When I see "traditional", I assume there was one single x86 KVM before
say 2010 which was slow, emulated a lot but worked exactly the same on
Intel and AMD. Which does not seem to ever be the case. May be say "SVM"
here?


> + * All host state for SEV-ES guests is categorized into three swap types
> + * based on how it is handled by hardware during a world switch:
> + *
> + * A: VMRUN: Host state saved in host save area
> + * VMEXIT: Host state loaded from host save area
> + *
> + * B: VMRUN: Host state _NOT_ saved in host save area
> + * VMEXIT: Host state loaded from host save area
> + *
> + * C: VMRUN: Host state _NOT_ saved in host save area
> + * VMEXIT: Host state initialized to default(reset) values
> + *
> + * Manually save type-B state, i.e. state that is loaded by VMEXIT but
> + * isn't saved by VMRUN, that isn't already saved by VMSAVE (performed
> + * by common SVM code).

Like here - "common SVM"?

Thanks for the comments!


> */
> -
> - /* XCR0 is restored on VMEXIT, save the current host value */
> hostsa->xcr0 = xgetbv(XCR_XFEATURE_ENABLED_MASK);
> -
> - /* PKRU is restored on VMEXIT, save the current host value */
> hostsa->pkru = read_pkru();
> -
> - /* MSR_IA32_XSS is restored on VMEXIT, save the currnet host value */
> hostsa->xss = host_xss;
> }
>
>
> base-commit: 39428f6ea9eace95011681628717062ff7f5eb5f

--
Alexey

2023-05-23 16:17:34

by Sean Christopherson

[permalink] [raw]
Subject: Re: [PATCH kernel v5 5/6] KVM: SEV: Enable data breakpoints in SEV-ES

On Tue, May 23, 2023, Alexey Kardashevskiy wrote:
>
>
> On 23/5/23 09:39, Sean Christopherson wrote:
> > On Tue, Apr 11, 2023, Alexey Kardashevskiy wrote:
> > > Prior to SEV-ES, KVM saved/restored host debug registers upon switching
> > > to/from a VM. Changing those registers inside a running SEV VM
> > > triggered #VMEXIT to KVM.
> >
> > Please, please don't make it sound like some behavior is *the* one and only behavior.
> > *KVM* *chooses* to intercept debug register accesses. Though I would omit this
> > paragraph (and largely the next) entirely, IMO it's safe to assume the reader has
> > a basic understanding of how KVM deals with DRs and #DBs.
>
> Out of curiosity - is ARM similar in this regard, interceptions and stuff?

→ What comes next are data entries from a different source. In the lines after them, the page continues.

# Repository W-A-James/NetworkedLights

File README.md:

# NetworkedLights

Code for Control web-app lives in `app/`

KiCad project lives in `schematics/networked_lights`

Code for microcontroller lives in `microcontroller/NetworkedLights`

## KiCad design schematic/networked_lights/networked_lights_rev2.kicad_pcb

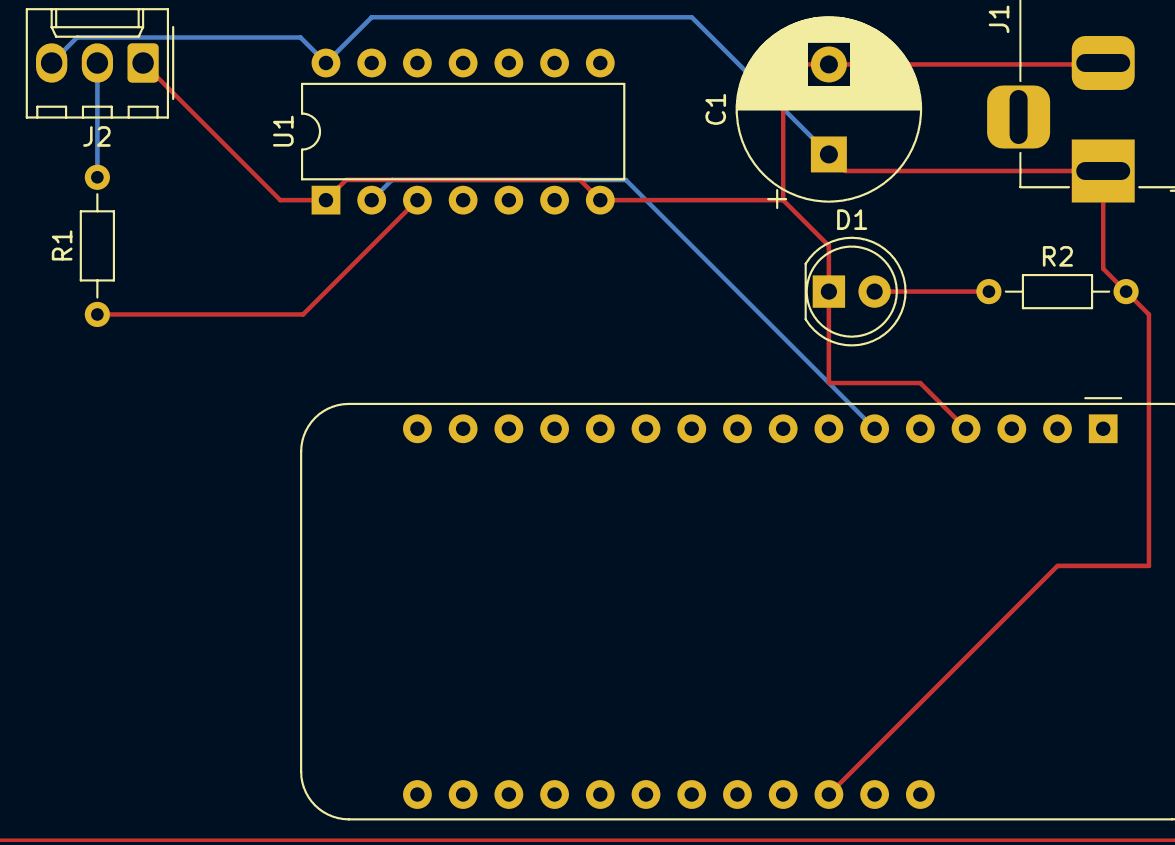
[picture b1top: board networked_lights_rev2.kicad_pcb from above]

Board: 2 copper layers, 8 parts (0 on the bottom side), 6 nets.

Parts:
A1: Adafruit_Feather_HUZZAH32_ESP32; Adafruit_Feather
C1: 1000uF; CP_Radial_D10.0mm_P5.00mm
D1: Power LED; LED_D5.0mm
J1: Barrel_Jack; BarrelJack_Horizontal
J2: Conn_01x03_Male; Molex_KK-254_AE-6410-03A_1x03_P2.54mm_Vertical
R1: 250; R_Axial_DIN0204_L3.6mm_D1.6mm_P7.62mm_Horizontal
R2: 1k; R_Axial_DIN0204_L3.6mm_D1.6mm_P7.62mm_Horizontal
U1: SN74AHCT125N; DIP-14_W7.62mm

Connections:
+5V: A1.26 (USB), C1.1, J1.1, J2.3, R2.2, U1.14 (VCC)
/light_string/DIN: J2.2, R1.2
GND: A1.4 (GND), C1.2, D1.1 (K), J1.2, J2.1, U1.1 (*1OE), U1.7 (GND)
unnamed: A1.6 (DAC1/A1), U1.2 (1A)
unnamed: D1.2 (A), R2.1
unnamed: R1.1, U1.3 (1Y)

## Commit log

2023-10-26 Initial
2023-10-27 Progress
2023-10-27 First draft complete
2023-10-27 Remove environment variable defaulting
2023-10-27 Update page
2023-10-27 project restructure
2023-10-27 update package files
2023-10-27 poll for status more often
2023-10-27 Initial
    Progress
    First draft complete
    Remove environment variable defaulting
    Update page
    project restructure
    update package files
2023-11-01 convert to TS
2023-11-01 update config files
2024-03-12 update error handling
2024-03-12 add bootstrap css
2024-03-12 update front-end js
2024-03-13 redo styling
2024-03-13 fixes
2024-03-13 update tsconfig
2024-03-13 add image of schematics
2024-03-13 add image
2024-03-13 update lockfile
2024-03-13 remove unneeded files
2024-03-13 disable incomplete colour selector
2024-03-13 fix on button
2024-03-13 lint fix
2024-03-13 update styling
2024-03-13 revert styling
2024-03-15 add header
2024-03-15 start go server refactor
2024-03-19 reorganize server
2024-03-19 add gitignore
2024-03-20 make sliders easier to use
2024-03-20 Update comments
2024-03-20 Update eslintrc
2024-04-09 add status message tests
2024-04-09 misc updates
2024-04-09 update server
2024-09-28 update sketch.yaml and linting
2024-09-28 remove go_server
2024-09-28 add .gitignore
2024-09-28 add media
2024-09-28 cleanup
2024-09-28 test cleanup
2024-09-28 convert to async/await
2024-09-28 move main server logic to encapsulated class
2024-09-28 use ISO datetime string for logging
2024-09-28 Check memory usage
2024-10-25 ensure payload is sending correct types
2025-01-12 start react refactor
2025-01-13 First draft react refactor
2025-01-13 add debugging logic
2025-01-13 remove old server
2025-01-13 update packaged name and clean up tsx
2025-01-13 reorganization
2025-02-11 add logo
2025-02-11 fix variable shadowing
2025-02-11 update client lockfile

Yes. The granularity of interceptions varies based on the architectural revision,
and presumably there are things that always trap. But the core concept of letting
software decide what to intercept is the same.

> > > SEV-ES added encrypted state (ES) which uses an encrypted page
> > > for the VM state (VMSA). The hardware saves/restores certain registers
> > > on VMRUN/VMEXIT according to a swap type (A, B, C), see
> > > "Table B-3. Swap Types" in the AMD Architecture Programmer’s Manual
> > > volume 2.
> > >
> > > The DR6 and DR7 registers have always been swapped as Type A for SEV-ES
> >
> > Please rewrite this to just state what the behavior is instead of "Type A" vs.
> > "Type B". Outside of AMD, the "type a/b/c" stuff isn't anywhere near ubiquitous
> > enough to justify obfuscating super simple concepts.
> >
> > Actually, this feature really has nothing to do with Type A vs. Type B, since
> > that's purely about host state.
>
> Mmm. Nothing? If the feature is enabled and DR[0-3] are not saved in HOSTSA,
> then the host looses debug state because of the working feature.
>
> > I assume the switch from Type A to Type B is a
> > side effect, or an opportunistic optimization?
>
> There is no switch. DR[67] were and are one type, and the other DRs were not
> swapped and now are, but with a different Swap Type.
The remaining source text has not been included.